**What you have to do:** Please repeat the lines below, exactly and only, from the one that holds "line L6 (-29, 44.9) -> (-4, 44.9)" through the one that holds "line L0 (-29, 80.5) -> (-29, 11)".

**Dataset:**
Segment Open

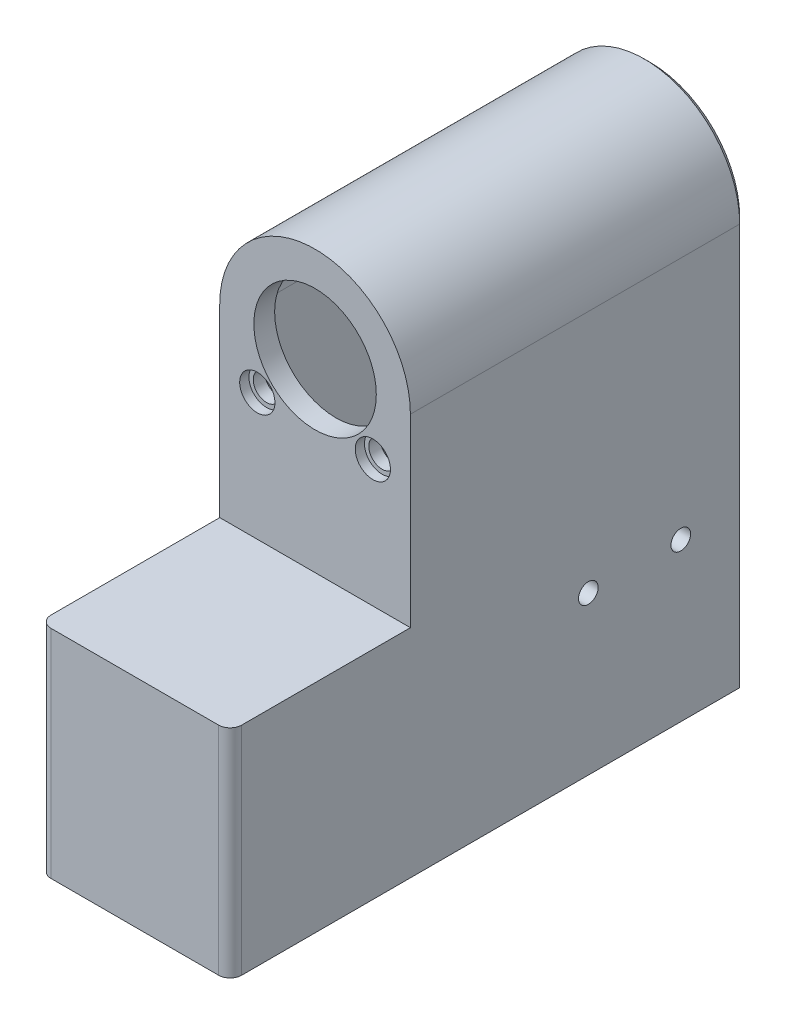
SolidWorks part; units mm, degrees
ref_plane "Front Plane" through (0, 0, 0) normal (0, 0, 1) x (1, 0, 0)
ref_plane "Top Plane" through (0, 0, 0) normal (0, 1, 0) x (1, 0, 0)
ref_plane "Right Plane" through (0, 0, 0) normal (1, 0, 0) x (0, 0, -1)
sketch "Sketch1" plane through (0, 0, 0) normal (0, 0, 1) x (1, 0, 0)
  line L0 (0, 0) -> (33, 0)
  line L1 (16.5, 0) -> (29, 0)
  line L2 (16.5, 0) -> (16.5, 9.4766)
  line L3 (4, 0) -> (4, 80.5)
  line L4 (29, 0) -> (29, 80.5)
  line L5 (0, 0) -> (0, 80.5)
  line L6 (0, 80.5) -> (4, 80.5)
  line L7 (33, 0) -> (33, 80.5)
  line L8 (33, 80.5) -> (29, 80.5)
  arc A0 (33, 80.5) -> (0, 80.5) centre (16.5, 80.5) ccw
  arc A1 (4, 80.5) -> (29, 80.5) centre (16.5, 80.5) cw
  point P5 (4, 0)
  dimension "D1" = 33
  dimension "D2" = 12.5
  dimension "D3" = 80.5
extrude "Boss-Extrude1" add sketch "Sketch1" along normal blind 71 contours L6 L5 L0 L3 | L6 A1 L8 A0 | L7 L8 L4 L0 region at (2, 40.25, 0) region at (16.5, 96.631, 0) region at (31, 40.25, 0)
sketch "Sketch2" plane through (0, 0, 71) normal (0, 0, 1) x (1, 0, 0)
  line L2 (33, 48.5) -> (0, 48.5)
  line L3 (0, 0) -> (0, 80.5) construction
  line L4 (0, 48.5) -> (0, 80.5)
  line L5 (33, 0) -> (33, 80.5) construction
  line L6 (33, 48.5) -> (33, 80.5)
  arc A0 (33, 80.5) -> (0, 80.5) centre (16.5, 80.5) ccw construction
  arc A1 (33, 80.5) -> (0, 80.5) centre (16.5, 80.5) ccw
  point P8 (16.5, 48.5)
extrude "Boss-Extrude2" add sketch "Sketch2" against normal blind 4
sketch "Sketch3" plane through (0, 0, 67) normal (0, 0, -1) x (-1, 0, 0)
  line L0 (-4, 48.5) -> (-29, 48.5) construction
  line L1 (-4, 48.5) -> (-29, 48.5)
  line L3 (-29, 44.5) -> (-4, 44.5)
  line L5 (0, 0) -> (0, 80.5) construction
  line L6 (0, 0) -> (0, 48.5)
  line L7 (-4, 48.5) -> (0, 48.5)
  line L8 (0, 0) -> (-3.8379, 0)
  line L9 (-4, 44.5) -> (-3.8379, 0)
  line L10 (-16.5, 44.5) -> (-16.5, 41.0104)
  line L11 (-33, 0) -> (-33, 48.5)
  line L12 (-29, 48.5) -> (-33, 48.5)
  line L13 (-29, 44.5) -> (-29.1621, 0)
  line L14 (-33, 0) -> (-29.1621, 0)
  line M8 (-29, 48.5) -> (-4, 48.5)
extrude "Boss-Extrude3" add sketch "Sketch3" against normal blind 34.2 contours L11 L14 L13 L3 L9 L8 L6 L7 L12 M8 region at (2, 47.9134, 67)
sketch "Sketch4" plane through (0, 0, 0) normal (0, 0, -1) x (-1, 0, 0)
  line L6 (-4, 80.5) -> (-4, 0)
  line L7 (-4, 0) -> (0, 0)
  line L8 (0, 0) -> (0, 80.5)
  line L9 (-33, 80.5) -> (-33, 0)
  line L10 (-33, 0) -> (-29, 0)
  line L11 (-29, 0) -> (-29, 80.5)
  line L12 (-4, 80.5) -> (-4, 0)
  line L13 (-4, 0) -> (0, 0)
  line L14 (0, 0) -> (0, 80.5)
  line L15 (-33, 80.5) -> (-33, 0)
  line L16 (-33, 0) -> (-29, 0)
  line L17 (-29, 0) -> (-29, 80.5)
  arc A2 (0, 80.5) -> (-33, 80.5) centre (-16.5, 80.5) ccw
  arc A3 (-4, 80.5) -> (-29, 80.5) centre (-16.5, 80.5) ccw
  arc A4 (0, 80.5) -> (-33, 80.5) centre (-16.5, 80.5) ccw
  arc A5 (-4, 80.5) -> (-29, 80.5) centre (-16.5, 80.5) ccw
  dimension "D1" = 0
extrude "Cut-Extrude1" cut sketch "Sketch4" against normal blind 13
sketch "Sketch5" plane through (0, 0, 71) normal (0, 0, 1) x (1, 0, 0)
  line L0 (0, 80.5) -> (33, 80.5)
  circle A0 centre (16.5, 80.5) radius 10
  dimension "D1" = 20
extrude "Cut-Extrude2" cut sketch "Sketch5" against normal blind 13 contours L0 A0 | L0 A0 region at (16.5, 84.7441, 71) region at (16.5, 76.2559, 71)
sketch "Sketch6" plane through (0, 0, 71) normal (0, 0, 1) x (1, 0, 0)
  line L0 (16.5, 70.5) -> (16.5, 73.1374)
  line L1 (16.5, 70.5) -> (33, 70.5)
  line L2 (33, 48.5) -> (33, 80.5) construction
  circle A0 centre (26.5, 70.5) radius 1.7
  circle A1 centre (6.5, 70.5) radius 1.7
  dimension "D2" = 3.4
  dimension "D1" = 6.5
extrude "Cut-Extrude3" cut sketch "Sketch6" against normal blind 13 contours A1 | L1 A0 | L1 A0 region at (26.5, 71.2215, 71) region at (26.5, 69.7785, 71) region at (6.5, 70.5, 71)
sketch "Sketch7" plane through (0, 0, 71) normal (0, 0, 1) x (1, 0, 0)
  circle A0 centre (6.5, 70.5) radius 3.25
  circle A1 centre (26.5, 70.5) radius 3.25
  dimension "D1" = 6.5
extrude "Cut-Extrude4" cut sketch "Sketch7" against normal blind 2.5
sketch "Sketch9" plane through (0, 0, 0) normal (0, -1, 0) x (1, 0, 0)
  line L0 (29.1621, 101.2) -> (29.1621, 71) construction
  line L1 (29.1621, 101.2) -> (29.1621, 71)
  line L2 (29.1621, 71) -> (29, 71)
  line L3 (29, 71) -> (29, 120)
  line L4 (29, 120) -> (29.1621, 101.2)
  line L6 (29, 67) -> (4, 67) construction
  line L7 (29, 67) -> (4, 67)
  line L8 (16.5, 67) -> (16.5, 71)
  line L9 (4, 120) -> (3.8379, 101.2)
  line L10 (4, 71) -> (4, 120)
  line L11 (3.8379, 71) -> (4, 71)
  line L12 (3.8379, 101.2) -> (3.8379, 71)
extrude "Boss-Extrude4" add sketch "Sketch9" against normal up to surface (44.5 mm away) contours L4 L1 L2 L3 | L9 L12 L11 L10 up to face at (16.5, 44.5, 79.7333)
sketch "Sketch10" plane through (0, 0, 101.2) normal (0, 0, 1) x (1, 0, 0)
  line L1 (40.2439, -6.5645) -> (-5.7585, -6.5645)
  line L2 (40.2439, -6.5645) -> (40.2439, 55.1467)
  line L3 (40.2439, 55.1467) -> (-5.7585, 55.1467)
  line L4 (-5.7585, -6.5645) -> (-5.7585, 55.1467)
  line L5 (40.2439, -6.5645) -> (-5.7585, 55.1467) construction
  line L6 (40.2439, 55.1467) -> (-5.7585, -6.5645) construction
  point P0 (17.2427, 24.2911)
extrude "Cut-Extrude5" cut sketch "Sketch10" along normal blind 42
sketch "Sketch11" plane through (0, 0, 101.2) normal (0, 0, 1) x (1, 0, 0)
  line L0 (29, 0) -> (4, 0)
  line L8 (4, 44.5) -> (29, 44.5)
  line L9 (29, 44.5) -> (29, 0)
  line L10 (29, 0) -> (33, 0)
  line L11 (33, 0) -> (33, 48.5)
  line L12 (33, 48.5) -> (0, 48.5)
  line L13 (0, 48.5) -> (0, 0)
  line L14 (0, 0) -> (4, 0)
  line L15 (4, 0) -> (4, 44.5)
  line L18 (29, 0) -> (33, 0)
  line L19 (33, 0) -> (33, 48.5)
  line L20 (33, 48.5) -> (0, 48.5)
  line L21 (0, 48.5) -> (0, 0)
  line L22 (0, 0) -> (4, 0)
  dimension "D1" = 0
extrude "Boss-Extrude5" add sketch "Sketch11" along normal blind 4
sketch "Sketch12" plane through (0, 0, 0) normal (0, -1, 0) x (1, 0, 0)
  line L8 (4, 13) -> (4, 101.2)
  line L9 (4, 101.2) -> (29, 101.2)
  line L10 (29, 101.2) -> (29, 13)
  line L11 (29, 13) -> (33, 13)
  line L12 (33, 13) -> (33, 105.2)
  line L13 (33, 105.2) -> (0, 105.2)
  line L14 (0, 105.2) -> (0, 13)
  line L15 (0, 13) -> (4, 13)
  line L16 (4, 13) -> (4, 101.2)
  line L17 (4, 101.2) -> (29, 101.2)
  line L18 (29, 101.2) -> (29, 13)
  line L19 (29, 13) -> (33, 13)
  line L20 (33, 13) -> (33, 105.2)
  line L21 (33, 105.2) -> (0, 105.2)
  line L22 (0, 105.2) -> (0, 13)
  line L23 (0, 13) -> (4, 13)
  dimension "D1" = 0
extrude "Cut-Extrude6" cut sketch "Sketch12" against normal blind 10.6
sketch "Sketch13" plane through (0, 0, 0) normal (-1, 0, 0) x (0, 0, 1)
  line L0 (105.2, 10.6) -> (13, 10.6) construction
  line L1 (13, 10.6) -> (13, 80.5) construction
  circle A0 centre (40.2, 38.3) radius 1.7
  circle A1 centre (24.2, 38.3) radius 1.7
  dimension "D1" = 27.7
  dimension "D2" = 3.4
  dimension "D3" = 27.2
  dimension "D4" = 16
extrude "Cut-Extrude7" cut sketch "Sketch13" against normal up to surface (33 mm away) contours A1 | A0 up to face at (33, 46.5333, 63.0667)
sketch "Sketch14" plane through (0, 0, 101.2) normal (0, 0, -1) x (-1, 0, 0)
  line L4 (-29, 10.6) -> (-4, 10.6)
  line L5 (-4, 10.6) -> (-4, 44.5)
  line L6 (-4, 44.5) -> (-29, 44.5)
  line L7 (-29, 44.5) -> (-29, 10.6)
  line L8 (-29, 10.6) -> (-4, 10.6)
  line L9 (-4, 10.6) -> (-4, 44.5)
  line L10 (-4, 44.5) -> (-29, 44.5)
  line L11 (-29, 44.5) -> (-29, 10.6)
  dimension "D1" = 0
extrude "Boss-Extrude6" add sketch "Sketch14" along normal blind 1
sketch "Sketch15" plane through (0, 10.6, 0) normal (0, -1, 0) x (1, 0, 0)
  line L0 (29, 100.2) -> (4, 100.2) construction
  line L1 (29, 100.2) -> (4, 100.2)
  line L2 (16.5, 100.2) -> (16.5, 101.5)
  line L3 (16.5, 105.2) -> (16.5, 103.9)
  line L4 (33, 105.2) -> (0, 105.2) construction
  line L5 (16.5, 101.5) -> (6.3, 101.5)
  line L6 (16.5, 101.5) -> (26.7, 101.5)
  line L7 (26.7, 101.5) -> (26.7, 103.9)
  line L8 (26.7, 103.9) -> (6.3, 103.9)
  line L9 (6.3, 103.9) -> (6.3, 101.5)
  dimension "D1" = 1.3
  dimension "D2" = 1.3
  dimension "D3" = 10.2
  dimension "D4" = 10.2
extrude "Cut-Extrude8" cut sketch "Sketch15" against normal blind 15 contours L8 L9 L5 L6 L7 region at (16.5, 10.6, 102.7)
sketch "Sketch16" plane through (0, 10.6, 0) normal (0, -1, 0) x (1, 0, 0)
  line L1 (26.7, 103.9) -> (6.3, 103.9) construction
  line L3 (21.7, 103.9) -> (21.7, 105.2)
  line L4 (33, 105.2) -> (0, 105.2) construction
  line L5 (21.7, 105.2) -> (11.3, 105.2)
  line L6 (11.3, 105.2) -> (11.3, 103.9)
  line L7 (21.7, 103.9) -> (11.3, 103.9)
  point P0 (16.5, 103.9)
  point P2 (16.5, 105.2)
  dimension "D1" = 10.4
extrude "Cut-Extrude9" cut sketch "Sketch16" against normal up to surface (15 mm away) up to face at (16.5, 25.6, 102.7)
sketch "Sketch17" plane through (0, 25.6, 0) normal (0, -1, 0) x (1, 0, 0)
  line L8 (26.7, 103.9) -> (21.7, 103.9)
  line L9 (21.7, 103.9) -> (21.7, 105.2)
  line L10 (21.7, 105.2) -> (11.3, 105.2)
  line L11 (11.3, 105.2) -> (11.3, 103.9)
  line L12 (11.3, 103.9) -> (6.3, 103.9)
  line L13 (6.3, 103.9) -> (6.3, 101.5)
  line L14 (6.3, 101.5) -> (26.7, 101.5)
  line L15 (26.7, 101.5) -> (26.7, 103.9)
  line L16 (26.7, 103.9) -> (21.7, 103.9)
  line L17 (21.7, 103.9) -> (21.7, 105.2)
  line L18 (21.7, 105.2) -> (11.3, 105.2)
  line L19 (11.3, 105.2) -> (11.3, 103.9)
  line L20 (11.3, 103.9) -> (6.3, 103.9)
  line L21 (6.3, 103.9) -> (6.3, 101.5)
  line L22 (6.3, 101.5) -> (26.7, 101.5)
  line L23 (26.7, 101.5) -> (26.7, 103.9)
  dimension "D1" = 0
extrude "popunio rupu" add sketch "Sketch17" along normal up to surface (15 mm away) up to face at (16.5, 10.6, 80.7375)
sketch "Sketch18" plane through (0, 0, 105.2) normal (0, 0, 1) x (1, 0, 0)
  line L4 (0, 48.5) -> (0, 10.6)
  line L5 (0, 10.6) -> (33, 10.6)
  line L6 (33, 10.6) -> (33, 48.5)
  line L7 (33, 48.5) -> (0, 48.5)
  line L8 (0, 48.5) -> (0, 10.6)
  line L9 (0, 10.6) -> (33, 10.6)
  line L10 (33, 10.6) -> (33, 48.5)
  line L11 (33, 48.5) -> (0, 48.5)
  dimension "D1" = 0
extrude "sasekao za tri mm" cut sketch "Sketch18" against normal blind 3
sketch "Sketch19" plane through (0, 0, 71) normal (0, 0, 1) x (1, 0, 0)
  circle A0 centre (6.5, 70.5) radius 3.25 construction
  circle A1 centre (6.5, 70.5) radius 3.25
  circle A2 centre (6.5, 70.5) radius 3.5
  circle A4 centre (26.5, 70.5) radius 3.5
  dimension "D1" = 7
extrude "pove'ao rupe za zavrtnje" cut sketch "Sketch19" against normal up to surface (2.5 mm away) up to face at (8.2, 70.5, 68.5)
sketch "Sketch20" plane through (0, 10.6, 0) normal (0, -1, 0) x (1, 0, 0)
  line L8 (33, 13) -> (33, 102.2)
  line L9 (33, 102.2) -> (0, 102.2)
  line L10 (0, 102.2) -> (0, 13)
  line L11 (0, 13) -> (4, 13)
  line L12 (4, 13) -> (4, 100.2)
  line L13 (4, 100.2) -> (29, 100.2)
  line L14 (29, 100.2) -> (29, 13)
  line L15 (29, 13) -> (33, 13)
  line L16 (33, 13) -> (33, 102.2)
  line L17 (33, 102.2) -> (0, 102.2)
  line L18 (0, 102.2) -> (0, 13)
  line L19 (0, 13) -> (4, 13)
  line L20 (4, 13) -> (4, 100.2)
  line L21 (4, 100.2) -> (29, 100.2)
  line L22 (29, 100.2) -> (29, 13)
  line L23 (29, 13) -> (33, 13)
  dimension "D1" = 0
extrude "skratio dno" cut sketch "Sketch20" against normal blind 0.4
sketch "Sketch21" plane through (0, 44.5, 0) normal (0, -1, 0) x (1, 0, 0)
  line L4 (29, 100.2) -> (4, 100.2)
  line L5 (4, 100.2) -> (4, 67)
  line L6 (4, 67) -> (29, 67)
  line L7 (29, 67) -> (29, 100.2)
  line L8 (29, 100.2) -> (4, 100.2)
  line L9 (4, 100.2) -> (4, 67)
  line L10 (4, 67) -> (29, 67)
  line L11 (29, 67) -> (29, 100.2)
  dimension "D1" = 0
extrude "napravio malo vi[e mesta za vrh razvodnika" cut sketch "Sketch21" against normal blind 0.4
sketch "Sketch22" plane through (0, 0, 67) normal (0, 0, -1) x (-1, 0, 0)
  line L3 (-29, 44.9) -> (-4, 44.9)
  line L4 (-4, 44.9) -> (-4, 80.5)
  line L5 (-29, 80.5) -> (-29, 44.9)
  line L6 (-29, 44.9) -> (-4, 44.9)
  line L7 (-4, 44.9) -> (-4, 80.5)
  line L8 (-29, 80.5) -> (-29, 44.9)
  arc A1 (-4, 80.5) -> (-29, 80.5) centre (-16.5, 80.5) ccw
  arc A2 (-4, 80.5) -> (-29, 80.5) centre (-16.5, 80.5) ccw
  dimension "D1" = 0
extrude "skratio ceoni deo" cut sketch "Sketch22" against normal blind 0.4
sketch "Sketch23" plane through (0, 0, 13) normal (0, 0, -1) x (-1, 0, 0)
  line L0 (-29, 80.5) -> (-29, 11)
  line L1 (-29, 11) -> (-29.7, 11)
  line L2 (-29.7, 11) -> (-29.7, 80.5)
  line L3 (-16.5, 80.5) -> (-16.5, 75.0754)
  line L4 (-4, 11) -> (-3.3, 11)
  line L5 (-3.3, 11) -> (-3.3, 80.5)
  line L6 (-4, 80.5) -> (-4, 11) construction
  line L7 (-4, 80.5) -> (-4, 11)
  arc A0 (-4, 80.5) -> (-29, 80.5) centre (-16.5, 80.5) ccw construction
  arc A1 (-4, 80.5) -> (-29, 80.5) centre (-16.5, 80.5) ccw
  arc A2 (-29.7, 80.5) -> (-3.3, 80.5) centre (-16.5, 80.5) cw
  point P12 (0, 0)
  dimension "D1" = 0.7
extrude "napravio mesta za drzac 1" cut sketch "Sketch23" against normal up to surface (54.4 mm away) contours L0 L1 L2 A2 L5 L4 L7 A1 up to face at (4.8, 70.5, 67.4)
sketch "Sketch24" plane through (0, 0, 67.4) normal (0, 0, -1) x (-1, 0, 0)
  line L0 (-3.3, 80.5) -> (-3.3, 11) construction
  line L1 (-3.3, 11) -> (-4, 11) construction
  line L2 (-4, 11) -> (-4, 44.9) construction
  line L3 (-29.7, 11) -> (-29, 11) construction
  line L4 (-29.7, 80.5) -> (-29.7, 11) construction
  line L5 (-29, 11) -> (-29, 44.9) construction
  line L6 (-3.3, 44.9) -> (-3.3, 11)
  line L7 (-3.3, 11) -> (-4, 11)
  line L8 (-4, 11) -> (-4, 44.9)
  line L9 (-29.7, 11) -> (-29, 11)
  line L10 (-29.7, 44.9) -> (-29.7, 11)
  line L11 (-29, 11) -> (-29, 44.9)
  line L12 (-29.7, 44.9) -> (-29, 44.9)
  line L13 (-4, 44.9) -> (-3.3, 44.9)
extrude "napravio emsta za drzac 2" cut sketch "Sketch24" against normal up to surface (32.8 mm away) up to face at (16.5, 27.95, 100.2)
chamfer "Chamfer1" distance 1 angle 45 2 edges at (1.65, 11, 13) (31.35, 11, 13)
sketch "Sketch26" plane through (0, 0, 68.5) normal (0, 0, 1) x (1, 0, 0)
  circle A0 centre (26.5, 70.5) radius 2.3
  circle A1 centre (6.5, 70.5) radius 2.3
  dimension "D1" = 4.6
  dimension "D2" = 4.6
extrude "povecao otvor za M3" cut sketch "Sketch26" against normal up to surface (1.1 mm away) up to face at (16.5, 66, 67.4)
sketch "Sketch27" plane through (0, 0, 71) normal (0, 0, 1) x (1, 0, 0)
  circle A0 centre (16.5, 80.5) radius 10.6
  dimension "D1" = 21.2
extrude "povecao otvor za prikljucak" cut sketch "Sketch27" against normal blind 10
sketch "Sketch28" plane through (0, 0, 100.2) normal (0, 0, -1) x (-1, 0, 0)
  line L4 (-3.3, 44.9) -> (-29.7, 44.9)
  line L5 (-29.7, 44.9) -> (-29.7, 11)
  line L6 (-29.7, 11) -> (-3.3, 11)
  line L7 (-3.3, 11) -> (-3.3, 44.9)
  line L8 (-3.3, 44.9) -> (-29.7, 44.9)
  line L9 (-29.7, 44.9) -> (-29.7, 11)
  line L10 (-29.7, 11) -> (-3.3, 11)
  line L11 (-3.3, 11) -> (-3.3, 44.9)
  dimension "D1" = 0
extrude "Boss-Extrude7" add sketch "Sketch28" along normal blind 2
chamfer "oborena ivica za šaku" distance 1 angle 45 3 edges at (0, 46.25, 13) (16.5, 97, 13) (33, 46.25, 13)
sketch "Sketch29" plane through (0, 0, 68.5) normal (0, 0, 1) x (1, 0, 0)
  circle A0 centre (6.5, 70.5) radius 3.5 construction
  circle A1 centre (6.5, 70.5) radius 3.5
  circle A2 centre (6.5, 70.5) radius 2.3 construction
  circle A3 centre (6.5, 70.5) radius 2.3
  circle A4 centre (26.5, 70.5) radius 2.3 construction
  circle A5 centre (26.5, 70.5) radius 2.3
  circle A6 centre (26.5, 70.5) radius 3.5 construction
  circle A7 centre (26.5, 70.5) radius 3.5
extrude "Boss-Extrude8" add sketch "Sketch29" along normal blind 0.9
sketch "Sketch31" plane through (0, 0, 69.4) normal (0, 0, 1) x (1, 0, 0)
  circle A0 centre (6.5, 70.5) radius 3.5 construction
  circle A1 centre (6.5, 70.5) radius 3.5
  circle A2 centre (6.5, 70.5) radius 3.05
  dimension "D1" = 6.1
extrude "Boss-Extrude9" add sketch "Sketch31" along normal up to surface (1.6 mm away) up to face at (27.1, 80.5, 71)
sketch "Sketch32" plane through (0, 0, 69.4) normal (0, 0, 1) x (1, 0, 0)
  circle A0 centre (26.5, 70.5) radius 3.05
  circle A1 centre (26.5, 70.5) radius 3.5 construction
  circle A2 centre (26.5, 70.5) radius 3.5
  dimension "D1" = 6.1
extrude "Boss-Extrude10" add sketch "Sketch32" along normal up to surface (1.6 mm away) up to face at (27.1, 80.5, 71)
sketch "Sketch33" plane through (0, 0, 98.2) normal (0, 0, -1) x (-1, 0, 0)
  line L4 (-3.3, 11) -> (-3.3, 44.9)
  line L5 (-3.3, 44.9) -> (-29.7, 44.9)
  line L6 (-29.7, 44.9) -> (-29.7, 11)
  line L7 (-29.7, 11) -> (-3.3, 11)
  line L8 (-3.3, 11) -> (-3.3, 44.9)
  line L9 (-3.3, 44.9) -> (-29.7, 44.9)
  line L10 (-29.7, 44.9) -> (-29.7, 11)
  line L11 (-29.7, 11) -> (-3.3, 11)
  dimension "D1" = 0
extrude "Cut-Extrude11" cut sketch "Sketch33" against normal blind 0.6
fillet "Fillet1" radius 2 4 edges at (29.7, 27.95, 98.8) (33, 29.75, 102.2) (0, 29.75, 102.2) (3.3, 27.95, 98.8)

Segment Closed

**Your response:**
  line L6 (-29, 44.9) -> (-4, 44.9)
  line L7 (-4, 44.9) -> (-4, 80.5)
  line L8 (-29, 80.5) -> (-29, 44.9)
  arc A1 (-4, 80.5) -> (-29, 80.5) centre (-16.5, 80.5) ccw
  arc A2 (-4, 80.5) -> (-29, 80.5) centre (-16.5, 80.5) ccw
  dimension "D1" = 0
extrude "skratio ceoni deo" cut sketch "Sketch22" against normal blind 0.4
sketch "Sketch23" plane through (0, 0, 13) normal (0, 0, -1) x (-1, 0, 0)
  line L0 (-29, 80.5) -> (-29, 11)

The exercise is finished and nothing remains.